Not on any meds for pain. I do get pins n needles on hands after shower but don't think it's worse when I am warm. I have to relax when I get home from work to relieve it. Resting seems to help.

Nodrogllig

I/ve had peripheral neuropathy since 1996 when I suffered from a severe bout of herpes simplex stomatitis in my mouth and throat. My hands and feet have never stopped burning with daily electric shocks since that time, and these can be worse at night. A few years ago, I got some homeopathic remedies from a doctor in Florida and these were helpful for a while, but I have finally become resigned to the fact that there is no cure for this.

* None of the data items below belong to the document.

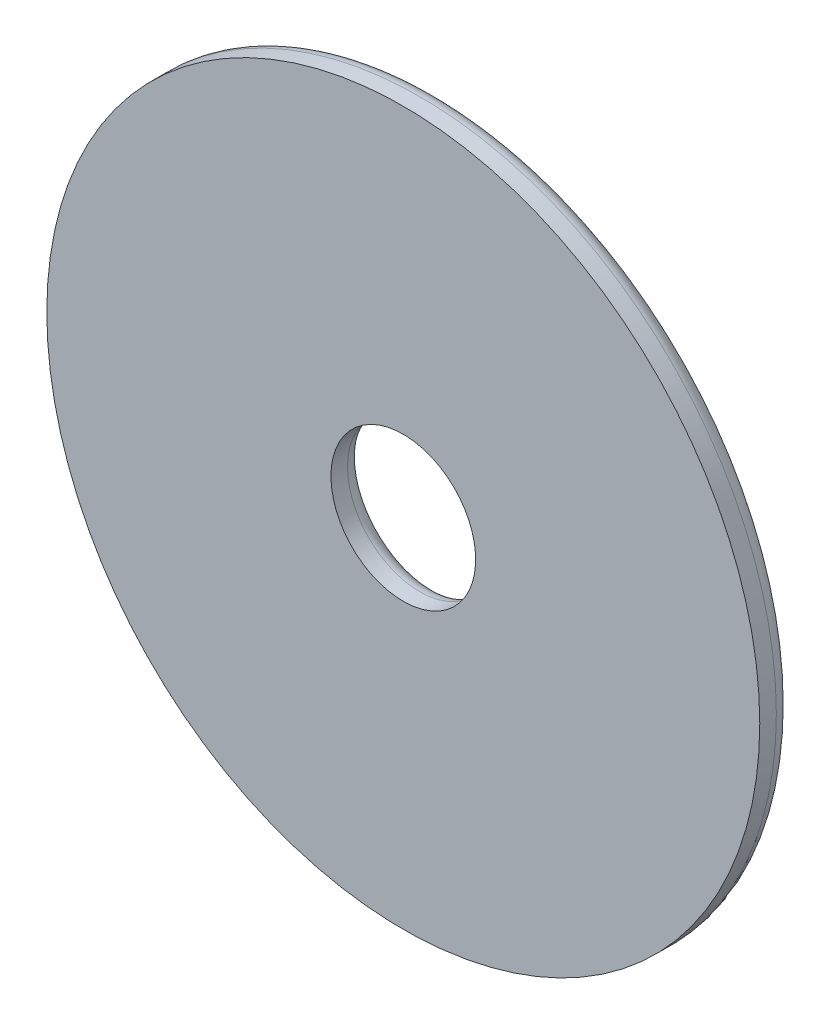
SolidWorks part; units mm, degrees
ref_plane "Front Plane" through (0, 0, 0) normal (0, 0, 1) x (1, 0, 0)
ref_plane "Top Plane" through (0, 0, 0) normal (0, 1, 0) x (1, 0, 0)
ref_plane "Right Plane" through (0, 0, 0) normal (1, 0, 0) x (0, 0, -1)
sketch "Sketch1" plane through (0, 0, 0) normal (0, 0, 1) x (1, 0, 0)
  line L0 (-12.7, 0) -> (12.7, 0) construction
  line L1 (0, 12.7) -> (0, -12.7) construction
  circle A0 centre (0, 0) radius 12.7 construction
  circle A1 centre (0, 0) radius 2.5781 construction
  point P4 (0, 0)
  point P8 (0, -2.5781)
  point P9 (2.5781, 0)
  point P10 (0, 2.5781)
  point P11 (-2.5781, 0)
  dimension "OD" = 25.4
  dimension "ID" = 5.1562
sketch "Sketch2" plane through (0, 0, 0) normal (1, 0, 0) x (0, 0, -1)
  line L0 (0.5906, 0) -> (-0.5906, 0) construction
  line L1 (0.5905, 12.7) -> (-0.5906, 12.7) construction
  line L2 (0.5905, 12.7) -> (0.5905, -12.7) construction
  line L3 (0.5905, -12.7) -> (-0.5906, -12.7) construction
  line L4 (-0.5906, 12.7) -> (-0.5906, -12.7) construction
  line L5 (-0.5906, 2.5781) -> (0.5905, 2.5781) construction
  line L6 (-0.5906, -2.5781) -> (0.5905, -2.5781) construction
  line L7 (-0.6477, 0) -> (0.6477, 0) construction
  line L8 (0, 12.7) -> (0, -12.7) construction
  point P6 (0, 0)
  point P17 (0, 0)
  point P18 (-0.5334, 0)
  point P21 (0.5334, 0)
  dimension "Thickness" = 1.1811
  dimension "Max Thickness Range" = 1.2954
  dimension "Min Thickness Range" = 1.0668
sketch "Sketch3" plane through (0, 0, 0) normal (0, 0, 1) x (1, 0, 0)
  line L0 (-12.7, 0) -> (12.7, 0) construction
  circle A0 centre (0, 0) radius 12.7
  circle A1 centre (0, 0) radius 2.5781
  circle A2 centre (0, 0) radius 12.7 construction
  circle A3 centre (0, 0) radius 2.5781 construction
extrude "Boss-Extrude1" add sketch "Sketch3" along normal up to vertex (0.5906 mm away) and the other way up to vertex (0.5906 mm away) up to point (0, 0, 0.5906) other way up to point (0, 0, -0.5906)
fillet "Fillet1" radius 0.5906 2 edges at (12.7, 0, -0.5906) (2.5781, 0, -0.5906)
equation "\"D1@Fillet1\"=\"Thickness@Sketch2\"*.5"

I have to say, that the electric shocks have reduced in quantities, and things have improved since I take daily b complex and b 12 injections every six months. When I first attended a neurologist I was put on anti epileptic drugs and they made no difference, so today I just live with the reality that this is my lot. In a sense when its really bad, I just imagine it to be a way of telling me that I am alive and my nerve ends are highly sensitive, and ultimately all is just fine.

spider77

Nodrogllig wrote: »

I/ve had peripheral neuropathy since 1996 when I suffered from a severe bout of herpes simplex stomatitis in my mouth and throat. My hands and feet have never stopped burning with daily electric shocks since that time, and these can be worse at night. A few years ago, I got some homeopathic remedies from a doctor in Florida and these were helpful for a while, but I have finally become resigned to the fact that there is no cure for this.

I have to say, that the electric shocks have reduced in quantities, and things have improved since I take daily b complex and b 12 injections every six months. When I first attended a neurologist I was put on anti epileptic drugs and they made no difference, so today I just live with the reality that this is my lot. In a sense when its really bad, I just imagine it to be a way of telling me that I am alive and my nerve ends are highly sensitive, and ultimately all is just fine.

Thanks for reply. Its good to see you are staying positive. I can't help but feel all this is a result of the fall I had on ski slopes last year but MRI didn't show anything up in lower back I think. I would expect more people to have this if one can get it from falls like that. Might go back to physio I had initially for this complaint. I tried acupuncture but did not see much difference. If only there was not such a long wait to see a neurologist in this country of ours!